■ **Problem statement**
Every line holding the word "units" should be copied from the material.

■ **Dataset excerpts**
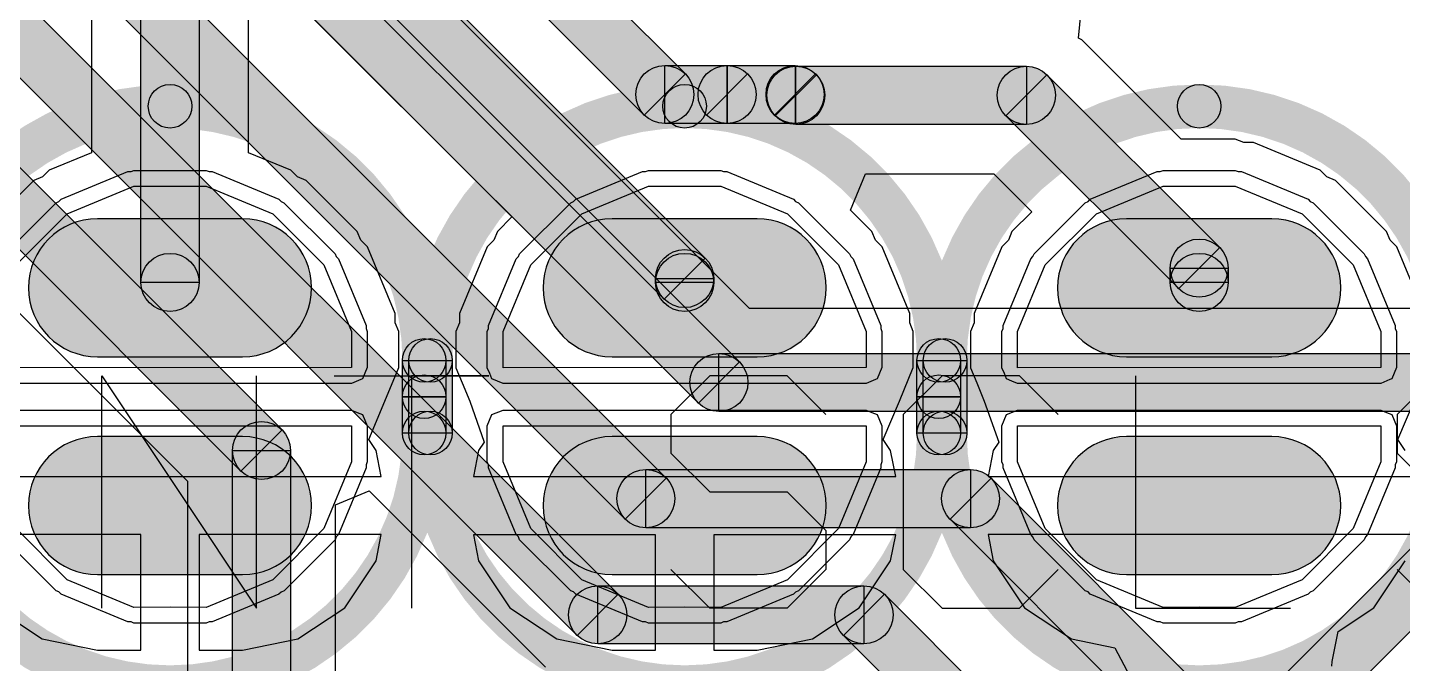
# Model space of a CAD drawing. Header units: millimetres. Extents: x -4 to 157, y -60 to 103.
# Drawn here: x 49.78 to 68.71, y -17.45 to -8.69 of the extents above; entities that cross this region are included whole.
import ezdxf

# ---------------------------------------------------------------- set-up
doc = ezdxf.new("R2010")
doc.units = ezdxf.units.MM
for name, color, linetype, true_color in [('BottomLayer', 5, 'Continuous', 0x0000ff), ('BottomOverlay', 7, 'Continuous', 0x999900), ('BottomSolder', 6, 'Continuous', 0xff00ff), ('TopLayer', 1, 'Continuous', 0xff0000), ('TopOverlay', 2, 'Continuous', 0xffff00)]:
    doc.layers.add(name, color=color, linetype=linetype, true_color=true_color)

msp = doc.modelspace()

# ---------------------------------------------------------------- hatches: boundary and pattern name
at = {"layer": 'BottomLayer', "true_color": 0x0000ff}
for points in [[(48.701, -0.33), (49.267, 0.236), (58.837, -9.334), (58.271, -9.9)], [(47.101, -0.993), (47.667, -0.427), (59.11, -11.87), (58.544, -12.435)], [(52.14, -12.205), (51.34, -12.205), (51.34, -7.328), (52.14, -7.328)], [(58.554, -10.017), (58.554, -9.217), (59.412, -9.217), (59.412, -10.017)], [(59.412, -10.017), (59.412, -9.217), (60.348, -9.217), (60.348, -10.017)], [(60.359, -10.028), (60.359, -9.228), (63.533, -9.228), (63.533, -10.028)], [(59.129, -9.9), (59.695, -9.334), (59.695, -9.334), (59.129, -9.9)], [(60.065, -9.9), (60.631, -9.334), (60.642, -9.345), (60.076, -9.91)], [(63.25, -9.91), (63.816, -9.345), (66.196, -11.725), (65.631, -12.291)], [(66.313, -12.205), (65.513, -12.205), (65.513, -12.008), (66.313, -12.008)], [(59.227, -12.205), (58.427, -12.205), (58.427, -12.152), (59.227, -12.152)]]:
    msp.add_hatch(color=5, dxfattribs=at).paths.add_polyline_path(points, flags=0)
h = msp.add_hatch(color=5, dxfattribs=at)
edge = h.paths.add_edge_path(flags=0)
edge.add_arc((58.554, -9.617), 0.4, 0, 360)
h = msp.add_hatch(color=5, dxfattribs=at)
edge = h.paths.add_edge_path(flags=0)
edge.add_arc((58.554, -9.617), 0.4, 0, 360)
h = msp.add_hatch(color=5, dxfattribs=at)
edge = h.paths.add_edge_path(flags=0)
edge.add_arc((59.412, -9.617), 0.4, 0, 360)
h = msp.add_hatch(color=5, dxfattribs=at)
edge = h.paths.add_edge_path(flags=0)
edge.add_arc((59.412, -9.617), 0.4, 0, 360)
h = msp.add_hatch(color=5, dxfattribs=at)
edge = h.paths.add_edge_path(flags=0)
edge.add_arc((59.412, -9.617), 0.4, 0, 360)
h = msp.add_hatch(color=5, dxfattribs=at)
edge = h.paths.add_edge_path(flags=0)
edge.add_arc((59.412, -9.617), 0.4, 0, 360)
h = msp.add_hatch(color=5, dxfattribs=at)
edge = h.paths.add_edge_path(flags=0)
edge.add_arc((60.348, -9.617), 0.4, 0, 360)
h = msp.add_hatch(color=5, dxfattribs=at)
edge = h.paths.add_edge_path(flags=0)
edge.add_arc((60.348, -9.617), 0.4, 0, 360)
h = msp.add_hatch(color=5, dxfattribs=at)
edge = h.paths.add_edge_path(flags=0)
edge.add_arc((60.359, -9.628), 0.4, 0, 360)
h = msp.add_hatch(color=5, dxfattribs=at)
edge = h.paths.add_edge_path(flags=0)
edge.add_arc((60.359, -9.628), 0.4, 0, 360)
h = msp.add_hatch(color=5, dxfattribs=at)
edge = h.paths.add_edge_path(flags=0)
edge.add_arc((63.533, -9.628), 0.4, 0, 360)
h = msp.add_hatch(color=5, dxfattribs=at)
edge = h.paths.add_edge_path(flags=0)
edge.add_arc((63.533, -9.628), 0.4, 0, 360)
h = msp.add_hatch(color=5, dxfattribs=at)
edge = h.paths.add_edge_path(flags=0)
edge.add_arc((50.74, -12.279), 0.95, 90, 270)
edge.add_line((50.74, -13.229), (52.74, -13.229))
edge.add_arc((52.74, -12.279), 0.95, 270, 450)
edge.add_line((52.74, -11.329), (50.74, -11.329))
h = msp.add_hatch(color=5, dxfattribs=at)
edge = h.paths.add_edge_path(flags=0)
edge.add_arc((57.827, -12.279), 0.95, 90, 270)
edge.add_line((57.827, -13.229), (59.827, -13.229))
edge.add_arc((59.827, -12.279), 0.95, 270, 450)
edge.add_line((59.827, -11.329), (57.827, -11.329))
h = msp.add_hatch(color=5, dxfattribs=at)
edge = h.paths.add_edge_path(flags=0)
edge.add_arc((64.913, -12.279), 0.95, 90, 270)
edge.add_line((64.913, -13.229), (66.913, -13.229))
edge.add_arc((66.913, -12.279), 0.95, 270, 450)
edge.add_line((66.913, -11.329), (64.913, -11.329))
h = msp.add_hatch(color=5, dxfattribs=at)
edge = h.paths.add_edge_path(flags=0)
edge.add_arc((65.913, -12.008), 0.4, 0, 360)
h = msp.add_hatch(color=5, dxfattribs=at)
edge = h.paths.add_edge_path(flags=0)
edge.add_arc((65.913, -12.008), 0.4, 0, 360)
h = msp.add_hatch(color=5, dxfattribs=at)
edge = h.paths.add_edge_path(flags=0)
edge.add_arc((51.74, -12.205), 0.4, 0, 360)
h = msp.add_hatch(color=5, dxfattribs=at)
edge = h.paths.add_edge_path(flags=0)
edge.add_arc((58.827, -12.152), 0.4, 0, 360)
h = msp.add_hatch(color=5, dxfattribs=at)
edge = h.paths.add_edge_path(flags=0)
edge.add_arc((58.827, -12.152), 0.4, 0, 360)
h = msp.add_hatch(color=5, dxfattribs=at)
edge = h.paths.add_edge_path(flags=0)
edge.add_arc((58.827, -12.205), 0.4, 0, 360)
h = msp.add_hatch(color=5, dxfattribs=at)
edge = h.paths.add_edge_path(flags=0)
edge.add_arc((65.913, -12.205), 0.4, 0, 360)
h = msp.add_hatch(color=5, dxfattribs=at)
edge = h.paths.add_edge_path(flags=0)
edge.add_arc((52.74, -15.279), 0.95, 270, 450)
edge.add_line((52.74, -14.329), (50.74, -14.329))
edge.add_arc((50.74, -15.279), 0.95, 90, 270)
edge.add_line((50.74, -16.229), (52.74, -16.229))
h = msp.add_hatch(color=5, dxfattribs=at)
edge = h.paths.add_edge_path(flags=0)
edge.add_arc((59.827, -15.279), 0.95, 270, 450)
edge.add_line((59.827, -14.329), (57.827, -14.329))
edge.add_arc((57.827, -15.279), 0.95, 90, 270)
edge.add_line((57.827, -16.229), (59.827, -16.229))
h = msp.add_hatch(color=5, dxfattribs=at)
edge = h.paths.add_edge_path(flags=0)
edge.add_arc((66.913, -15.279), 0.95, 270, 450)
edge.add_line((66.913, -14.329), (64.913, -14.329))
edge.add_arc((64.913, -15.279), 0.95, 90, 270)
edge.add_line((64.913, -16.229), (66.913, -16.229))
at = {"layer": 'BottomOverlay', "true_color": 0x999900}
h = msp.add_hatch(color=54, dxfattribs=at)
edge = h.paths.add_edge_path(flags=0)
edge.add_arc((51.74, -9.779), 0.3, 0, 360)
h = msp.add_hatch(color=54, dxfattribs=at)
edge = h.paths.add_edge_path(flags=0)
edge.add_arc((51.74, -9.779), 0.3, 0, 360)
h = msp.add_hatch(color=54, dxfattribs=at)
edge = h.paths.add_edge_path(flags=0)
edge.add_arc((58.827, -9.779), 0.3, 0, 360)
h = msp.add_hatch(color=54, dxfattribs=at)
edge = h.paths.add_edge_path(flags=0)
edge.add_arc((58.827, -9.779), 0.3, 0, 360)
h = msp.add_hatch(color=54, dxfattribs=at)
edge = h.paths.add_edge_path(flags=0)
edge.add_arc((65.913, -9.779), 0.3, 0, 360)
h = msp.add_hatch(color=54, dxfattribs=at)
edge = h.paths.add_edge_path(flags=0)
edge.add_arc((65.913, -9.779), 0.3, 0, 360)
h = msp.add_hatch(color=54, dxfattribs=at)
edge = h.paths.add_edge_path(flags=0)
edge.add_arc((55.24, -13.279), 0.3, 0, 360)
h = msp.add_hatch(color=54, dxfattribs=at)
edge = h.paths.add_edge_path(flags=0)
edge.add_arc((55.24, -13.279), 0.3, 0, 360)
h = msp.add_hatch(color=54, dxfattribs=at)
edge = h.paths.add_edge_path(flags=0)
edge.add_arc((55.327, -13.279), 0.3, 0, 360)
h = msp.add_hatch(color=54, dxfattribs=at)
edge = h.paths.add_edge_path(flags=0)
edge.add_arc((55.327, -13.279), 0.3, 0, 360)
h = msp.add_hatch(color=54, dxfattribs=at)
edge = h.paths.add_edge_path(flags=0)
edge.add_arc((62.327, -13.279), 0.3, 0, 360)
h = msp.add_hatch(color=54, dxfattribs=at)
edge = h.paths.add_edge_path(flags=0)
edge.add_arc((62.327, -13.279), 0.3, 0, 360)
h = msp.add_hatch(color=54, dxfattribs=at)
edge = h.paths.add_edge_path(flags=0)
edge.add_arc((62.413, -13.279), 0.3, 0, 360)
h = msp.add_hatch(color=54, dxfattribs=at)
edge = h.paths.add_edge_path(flags=0)
edge.add_arc((62.413, -13.279), 0.3, 0, 360)
for points in [[(55.54, -13.779), (54.94, -13.779), (54.94, -13.279), (55.54, -13.279)], [(55.627, -14.279), (55.027, -14.279), (55.027, -13.279), (55.627, -13.279)], [(62.627, -13.779), (62.027, -13.779), (62.027, -13.279), (62.627, -13.279)], [(62.713, -14.279), (62.113, -14.279), (62.113, -13.279), (62.713, -13.279)], [(55.54, -14.279), (54.94, -14.279), (54.94, -13.779), (55.54, -13.779)], [(62.627, -14.279), (62.027, -14.279), (62.027, -13.779), (62.627, -13.779)]]:
    msp.add_hatch(color=54, dxfattribs=at).paths.add_polyline_path(points, flags=0)
h = msp.add_hatch(color=54, dxfattribs=at)
edge = h.paths.add_edge_path(flags=0)
edge.add_arc((55.24, -13.779), 0.3, 0, 360)
h = msp.add_hatch(color=54, dxfattribs=at)
edge = h.paths.add_edge_path(flags=0)
edge.add_arc((55.24, -13.779), 0.3, 0, 360)
h = msp.add_hatch(color=54, dxfattribs=at)
edge = h.paths.add_edge_path(flags=0)
edge.add_arc((62.327, -13.779), 0.3, 0, 360)
h = msp.add_hatch(color=54, dxfattribs=at)
edge = h.paths.add_edge_path(flags=0)
edge.add_arc((62.327, -13.779), 0.3, 0, 360)
h = msp.add_hatch(color=54, dxfattribs=at)
edge = h.paths.add_edge_path(flags=0)
edge.add_arc((55.24, -14.279), 0.3, 0, 360)
h = msp.add_hatch(color=54, dxfattribs=at)
edge = h.paths.add_edge_path(flags=0)
edge.add_arc((55.24, -14.279), 0.3, 0, 360)
h = msp.add_hatch(color=54, dxfattribs=at)
edge = h.paths.add_edge_path(flags=0)
edge.add_arc((55.327, -14.279), 0.3, 0, 360)
h = msp.add_hatch(color=54, dxfattribs=at)
edge = h.paths.add_edge_path(flags=0)
edge.add_arc((55.327, -14.279), 0.3, 0, 360)
h = msp.add_hatch(color=54, dxfattribs=at)
edge = h.paths.add_edge_path(flags=0)
edge.add_arc((62.327, -14.279), 0.3, 0, 360)
h = msp.add_hatch(color=54, dxfattribs=at)
edge = h.paths.add_edge_path(flags=0)
edge.add_arc((62.327, -14.279), 0.3, 0, 360)
h = msp.add_hatch(color=54, dxfattribs=at)
edge = h.paths.add_edge_path(flags=0)
edge.add_arc((62.413, -14.279), 0.3, 0, 360)
h = msp.add_hatch(color=54, dxfattribs=at)
edge = h.paths.add_edge_path(flags=0)
edge.add_arc((62.413, -14.279), 0.3, 0, 360)
at = {"layer": 'BottomSolder', "true_color": 0xff00ff}
h = msp.add_hatch(color=6, dxfattribs=at)
edge = h.paths.add_edge_path(flags=0)
edge.add_arc((50.74, -12.279), 0.95, 90, 270)
edge.add_line((50.74, -13.229), (52.74, -13.229))
edge.add_arc((52.74, -12.279), 0.95, 270, 450)
edge.add_line((52.74, -11.329), (50.74, -11.329))
h = msp.add_hatch(color=6, dxfattribs=at)
edge = h.paths.add_edge_path(flags=0)
edge.add_arc((57.827, -12.279), 0.95, 90, 270)
edge.add_line((57.827, -13.229), (59.827, -13.229))
edge.add_arc((59.827, -12.279), 0.95, 270, 450)
edge.add_line((59.827, -11.329), (57.827, -11.329))
h = msp.add_hatch(color=6, dxfattribs=at)
edge = h.paths.add_edge_path(flags=0)
edge.add_arc((64.913, -12.279), 0.95, 90, 270)
edge.add_line((64.913, -13.229), (66.913, -13.229))
edge.add_arc((66.913, -12.279), 0.95, 270, 450)
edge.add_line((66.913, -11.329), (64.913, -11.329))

■ **Your solution**
# Model space of a CAD drawing. Header units: millimetres. Extents: x -4 to 157, y -60 to 103.
doc.units = ezdxf.units.MM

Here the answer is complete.